* [Requirement] Your task is to copy each line of the listing that contains the word "Continuous".

* [Data supplied]
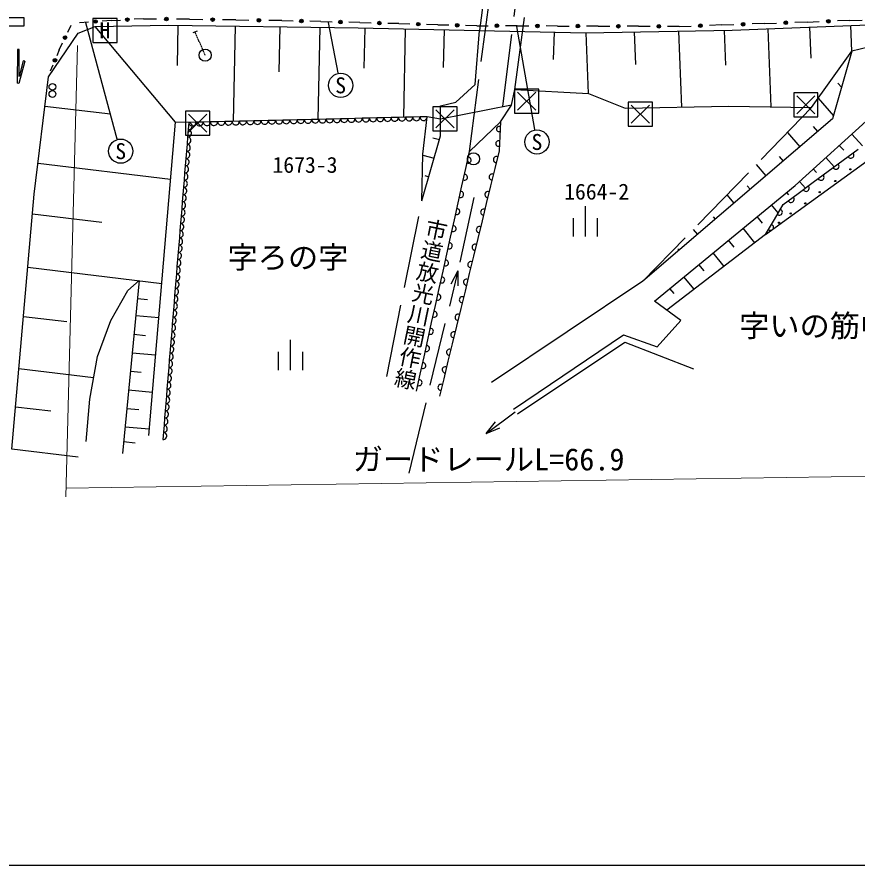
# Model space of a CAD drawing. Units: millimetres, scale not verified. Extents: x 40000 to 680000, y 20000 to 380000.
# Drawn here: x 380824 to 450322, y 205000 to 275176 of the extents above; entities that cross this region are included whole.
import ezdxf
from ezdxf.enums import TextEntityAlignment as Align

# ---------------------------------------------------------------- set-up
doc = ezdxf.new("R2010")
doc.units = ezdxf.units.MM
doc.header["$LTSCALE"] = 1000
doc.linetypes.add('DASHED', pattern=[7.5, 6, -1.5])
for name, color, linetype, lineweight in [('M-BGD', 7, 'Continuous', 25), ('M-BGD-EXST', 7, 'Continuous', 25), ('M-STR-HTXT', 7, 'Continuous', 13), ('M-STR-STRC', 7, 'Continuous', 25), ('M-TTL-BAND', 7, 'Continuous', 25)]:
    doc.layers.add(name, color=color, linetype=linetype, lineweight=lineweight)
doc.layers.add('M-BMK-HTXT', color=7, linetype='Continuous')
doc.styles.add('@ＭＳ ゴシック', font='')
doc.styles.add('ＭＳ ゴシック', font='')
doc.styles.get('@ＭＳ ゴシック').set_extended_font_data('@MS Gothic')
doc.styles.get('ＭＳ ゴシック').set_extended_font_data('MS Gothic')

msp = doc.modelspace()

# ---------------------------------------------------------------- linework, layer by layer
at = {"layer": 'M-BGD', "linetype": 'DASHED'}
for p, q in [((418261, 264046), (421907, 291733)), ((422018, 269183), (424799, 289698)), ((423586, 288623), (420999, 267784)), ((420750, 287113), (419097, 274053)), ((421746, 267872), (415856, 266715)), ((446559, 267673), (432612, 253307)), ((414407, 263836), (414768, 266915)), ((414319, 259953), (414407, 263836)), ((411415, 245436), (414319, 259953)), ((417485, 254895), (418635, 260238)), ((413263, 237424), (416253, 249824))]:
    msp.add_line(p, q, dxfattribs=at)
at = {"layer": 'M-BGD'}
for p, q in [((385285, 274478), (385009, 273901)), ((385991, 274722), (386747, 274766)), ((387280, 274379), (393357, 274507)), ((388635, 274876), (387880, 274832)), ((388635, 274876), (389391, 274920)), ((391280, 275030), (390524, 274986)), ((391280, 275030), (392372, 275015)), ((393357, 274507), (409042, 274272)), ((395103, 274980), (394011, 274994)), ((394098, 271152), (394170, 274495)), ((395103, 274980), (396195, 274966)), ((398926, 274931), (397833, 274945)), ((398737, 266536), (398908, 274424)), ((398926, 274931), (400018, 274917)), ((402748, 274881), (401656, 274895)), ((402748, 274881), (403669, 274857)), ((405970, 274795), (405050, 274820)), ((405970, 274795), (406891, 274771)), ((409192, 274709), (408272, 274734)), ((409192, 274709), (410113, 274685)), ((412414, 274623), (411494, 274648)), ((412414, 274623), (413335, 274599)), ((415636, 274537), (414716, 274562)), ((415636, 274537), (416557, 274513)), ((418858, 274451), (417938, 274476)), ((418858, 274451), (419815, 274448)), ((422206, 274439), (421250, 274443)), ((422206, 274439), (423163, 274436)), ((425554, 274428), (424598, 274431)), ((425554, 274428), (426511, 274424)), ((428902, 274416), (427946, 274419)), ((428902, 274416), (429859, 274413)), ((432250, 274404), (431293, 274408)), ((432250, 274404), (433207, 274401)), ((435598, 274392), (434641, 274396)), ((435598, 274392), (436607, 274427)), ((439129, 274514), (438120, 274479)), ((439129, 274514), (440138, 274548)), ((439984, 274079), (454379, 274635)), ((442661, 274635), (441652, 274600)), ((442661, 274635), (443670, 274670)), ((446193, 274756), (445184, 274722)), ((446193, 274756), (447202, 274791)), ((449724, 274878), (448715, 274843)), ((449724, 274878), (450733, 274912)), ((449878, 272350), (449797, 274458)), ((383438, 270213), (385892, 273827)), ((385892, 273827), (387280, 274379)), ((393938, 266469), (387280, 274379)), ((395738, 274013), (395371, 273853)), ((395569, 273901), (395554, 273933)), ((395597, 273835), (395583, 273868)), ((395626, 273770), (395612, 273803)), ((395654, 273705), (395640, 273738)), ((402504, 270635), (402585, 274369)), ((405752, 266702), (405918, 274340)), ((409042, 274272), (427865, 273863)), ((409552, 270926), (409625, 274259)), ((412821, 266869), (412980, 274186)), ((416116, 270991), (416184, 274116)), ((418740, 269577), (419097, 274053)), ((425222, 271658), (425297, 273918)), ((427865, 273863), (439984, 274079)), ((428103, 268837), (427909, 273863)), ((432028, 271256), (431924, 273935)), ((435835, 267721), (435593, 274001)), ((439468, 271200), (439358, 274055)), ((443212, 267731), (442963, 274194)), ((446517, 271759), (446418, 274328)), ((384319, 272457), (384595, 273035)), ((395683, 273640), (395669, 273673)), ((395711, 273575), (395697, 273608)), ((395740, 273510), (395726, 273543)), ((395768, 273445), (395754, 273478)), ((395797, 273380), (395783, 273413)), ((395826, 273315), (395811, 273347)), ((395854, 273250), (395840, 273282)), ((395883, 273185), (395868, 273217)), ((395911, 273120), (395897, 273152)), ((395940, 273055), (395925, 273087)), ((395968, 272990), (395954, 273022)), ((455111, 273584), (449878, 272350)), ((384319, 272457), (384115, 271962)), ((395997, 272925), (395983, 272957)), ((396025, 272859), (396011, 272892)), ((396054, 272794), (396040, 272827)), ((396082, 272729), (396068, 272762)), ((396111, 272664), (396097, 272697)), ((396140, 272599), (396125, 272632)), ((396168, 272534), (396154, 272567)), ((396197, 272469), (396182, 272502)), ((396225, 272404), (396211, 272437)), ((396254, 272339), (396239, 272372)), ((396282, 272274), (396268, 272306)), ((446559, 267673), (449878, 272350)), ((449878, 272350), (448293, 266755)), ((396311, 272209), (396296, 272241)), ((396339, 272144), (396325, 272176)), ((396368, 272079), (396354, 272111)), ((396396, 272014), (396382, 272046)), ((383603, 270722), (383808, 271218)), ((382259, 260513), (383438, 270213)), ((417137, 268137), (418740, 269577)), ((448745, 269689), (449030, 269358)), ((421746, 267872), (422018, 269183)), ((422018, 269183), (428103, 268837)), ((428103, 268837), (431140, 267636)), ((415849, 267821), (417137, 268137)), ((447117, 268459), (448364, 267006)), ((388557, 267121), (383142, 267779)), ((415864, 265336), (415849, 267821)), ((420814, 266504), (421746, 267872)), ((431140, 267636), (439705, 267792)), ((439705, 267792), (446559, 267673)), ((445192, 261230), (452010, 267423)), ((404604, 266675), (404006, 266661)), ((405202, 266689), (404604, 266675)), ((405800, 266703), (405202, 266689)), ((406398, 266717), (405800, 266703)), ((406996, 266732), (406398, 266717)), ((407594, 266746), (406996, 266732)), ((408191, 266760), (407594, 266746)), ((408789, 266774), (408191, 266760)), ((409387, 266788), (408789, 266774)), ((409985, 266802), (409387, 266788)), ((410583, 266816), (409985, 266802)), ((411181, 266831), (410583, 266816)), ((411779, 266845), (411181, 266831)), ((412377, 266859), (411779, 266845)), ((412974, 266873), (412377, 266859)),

* [Solution for this problem]
for name, color, linetype, lineweight in [('M-BGD', 7, 'Continuous', 25), ('M-BGD-EXST', 7, 'Continuous', 25), ('M-STR-HTXT', 7, 'Continuous', 13), ('M-STR-STRC', 7, 'Continuous', 25), ('M-TTL-BAND', 7, 'Continuous', 25)]:
doc.layers.add('M-BMK-HTXT', color=7, linetype='Continuous')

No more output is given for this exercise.